##### ENTRIES SUPPLIED #####

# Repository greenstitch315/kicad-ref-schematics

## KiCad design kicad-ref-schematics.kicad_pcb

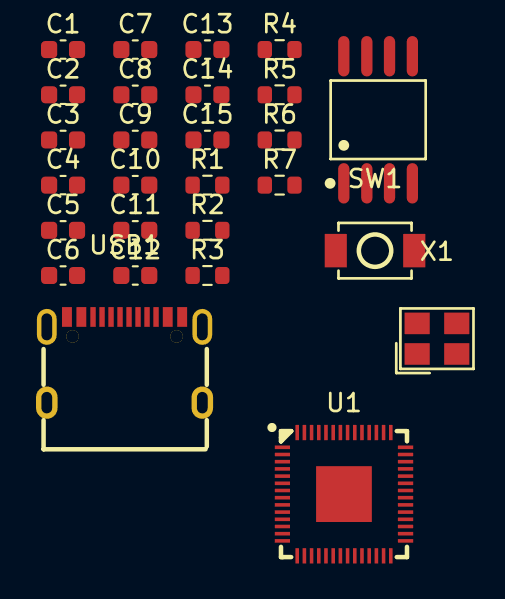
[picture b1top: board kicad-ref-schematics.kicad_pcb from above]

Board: 2 copper layers, 27 parts (0 on the bottom side), 21 nets, no tracks yet.

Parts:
C1, C2: 30p; C_0603_1608Metric
C3, C4, C5, C6, C7, C8, C9, C10, C13, C14, C15: 100n; C_0603_1608Metric
C11, C12: 1u; C_0603_1608Metric
R1, R4: 1k; R_0603_1608Metric
R2, R3: 27R; R_0603_1608Metric
R5: 10k; R_0603_1608Metric
R6, R7: 5k1; R_0603_1608Metric
SW1: TS-1088-AR02016; SW-SMD_L3.9-W3.0-P4.45
U1: RP2040; LQFN-56_L7.0-W7.0-P0.4-EP
U2: W25Q128JVSIQTR; SOIC-8_L5.3-W5.3-P1.27-LS8.0-BL
USB1: TYPE-C 16PIN 2MD(073); USB-C-SMD_TYPE-C-6PIN-2MD-073
X1: X322512MSB4SI; CRYSTAL-SMD_4P-L3.2-W2.5-BL

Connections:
+1V1: C12.1, C13.1, C14.1, U1.23 (DVDD), U1.45 (VREG_VOUT), U1.50 (DVDD)
+3.3V: C3.1, C4.1, C5.1, C6.1, C7.1, C8.1, C9.1, C10.1, C11.1, R5.1, U1.1 (IOVDD), U1.10 (IOVDD), U1.22 (IOVDD), U1.26 (RUN), U1.33 (IOVDD), U1.42 (IOVDD), U1.43 (ADC_AVDD), U1.44 (VREG_IN), U1.48 (USB_VDD), U1.49 (IOVDD)
+5V: USB1.2 (VBUS), USB1.11 (VBUS)
/rp2040/DN: R3.1, U1.46 (USB_DM)
/rp2040/DP: R2.1, U1.47 (USB_DP)
/rp2040/QSPI_SCLK: U1.52 (QSPI_SCLK), U2.6 (CLK)
/rp2040/QSPI_SD0: U1.53 (QSPI_SD0), U2.5 (DI)
/rp2040/QSPI_SD1: U1.55 (QSPI_SD1), U2.2 (DO)
/rp2040/QSPI_SD2: U1.54 (QSPI_SD2), U2.3 (IO2)
/rp2040/QSPI_SD3: U1.51 (QSPI_SD3), U2.7 (IO3)
/rp2040/QSPI_SS: U1.56 (QSPI_SS), U2.1 (~CS)
/rp2040/XIN: C1.2, U1.20 (XIN), X1.3 (OSC2)
/rp2040/XOUT: R1.2, U1.21 (XOUT)
GND: C1.1, C2.1, C3.2, C4.2, C5.2, C6.2, C7.2, C8.2, C9.2, C10.2, C11.2, C12.2, C13.2, C14.2, C15.2, R6.1, R7.1, SW1.1, U1.19 (TESTEN), U1.57 (GND), U2.4 (GND), USB1.1 (GND), USB1.12 (GND)
unnamed: R4.2, SW1.2
unnamed: C15.1, R4.1, R5.2, U2.8 (VCC)
unnamed: R7.2, USB1.4 (CC1)
unnamed: R6.2, USB1.10 (CC2)
unnamed: R3.2, USB1.5 (DN2), USB1.7 (DN1)
unnamed: R2.2, USB1.6 (DP1), USB1.8 (DP2)
unnamed: C2.2, R1.1, X1.1 (OSC1)

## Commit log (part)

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2026-02-04 Add project files
2026-02-04 Tidy wiring
2026-02-06 Organise capacitors

#####

• WHAT TO PRODUCE: Nothing but the pictures may be dropped; output the records above exactly.

• ANSWER SPACE:
# Repository greenstitch315/kicad-ref-schematics

## KiCad design kicad-ref-schematics.kicad_pcb

[picture b1top: board kicad-ref-schematics.kicad_pcb from above]

Board: 2 copper layers, 27 parts (0 on the bottom side), 21 nets, no tracks yet.

Parts:
C1, C2: 30p; C_0603_1608Metric
C3, C4, C5, C6, C7, C8, C9, C10, C13, C14, C15: 100n; C_0603_1608Metric
C11, C12: 1u; C_0603_1608Metric
R1, R4: 1k; R_0603_1608Metric
R2, R3: 27R; R_0603_1608Metric
R5: 10k; R_0603_1608Metric
R6, R7: 5k1; R_0603_1608Metric
SW1: TS-1088-AR02016; SW-SMD_L3.9-W3.0-P4.45
U1: RP2040; LQFN-56_L7.0-W7.0-P0.4-EP
U2: W25Q128JVSIQTR; SOIC-8_L5.3-W5.3-P1.27-LS8.0-BL
USB1: TYPE-C 16PIN 2MD(073); USB-C-SMD_TYPE-C-6PIN-2MD-073
X1: X322512MSB4SI; CRYSTAL-SMD_4P-L3.2-W2.5-BL

Connections:
+1V1: C12.1, C13.1, C14.1, U1.23 (DVDD), U1.45 (VREG_VOUT), U1.50 (DVDD)
+3.3V: C3.1, C4.1, C5.1, C6.1, C7.1, C8.1, C9.1, C10.1, C11.1, R5.1, U1.1 (IOVDD), U1.10 (IOVDD), U1.22 (IOVDD), U1.26 (RUN), U1.33 (IOVDD), U1.42 (IOVDD), U1.43 (ADC_AVDD), U1.44 (VREG_IN), U1.48 (USB_VDD), U1.49 (IOVDD)
+5V: USB1.2 (VBUS), USB1.11 (VBUS)
/rp2040/DN: R3.1, U1.46 (USB_DM)
/rp2040/DP: R2.1, U1.47 (USB_DP)
/rp2040/QSPI_SCLK: U1.52 (QSPI_SCLK), U2.6 (CLK)
/rp2040/QSPI_SD0: U1.53 (QSPI_SD0), U2.5 (DI)
/rp2040/QSPI_SD1: U1.55 (QSPI_SD1), U2.2 (DO)
/rp2040/QSPI_SD2: U1.54 (QSPI_SD2), U2.3 (IO2)
/rp2040/QSPI_SD3: U1.51 (QSPI_SD3), U2.7 (IO3)
/rp2040/QSPI_SS: U1.56 (QSPI_SS), U2.1 (~CS)
/rp2040/XIN: C1.2, U1.20 (XIN), X1.3 (OSC2)
/rp2040/XOUT: R1.2, U1.21 (XOUT)
GND: C1.1, C2.1, C3.2, C4.2, C5.2, C6.2, C7.2, C8.2, C9.2, C10.2, C11.2, C12.2, C13.2, C14.2, C15.2, R6.1, R7.1, SW1.1, U1.19 (TESTEN), U1.57 (GND), U2.4 (GND), USB1.1 (GND), USB1.12 (GND)
unnamed: R4.2, SW1.2
unnamed: C15.1, R4.1, R5.2, U2.8 (VCC)
unnamed: R7.2, USB1.4 (CC1)
unnamed: R6.2, USB1.10 (CC2)
unnamed: R3.2, USB1.5 (DN2), USB1.7 (DN1)
unnamed: R2.2, USB1.6 (DP1), USB1.8 (DP2)
unnamed: C2.2, R1.1, X1.1 (OSC1)

## Commit log (part)

2026-02-04 Add project files
2026-02-04 Tidy wiring
2026-02-06 Organise capacitors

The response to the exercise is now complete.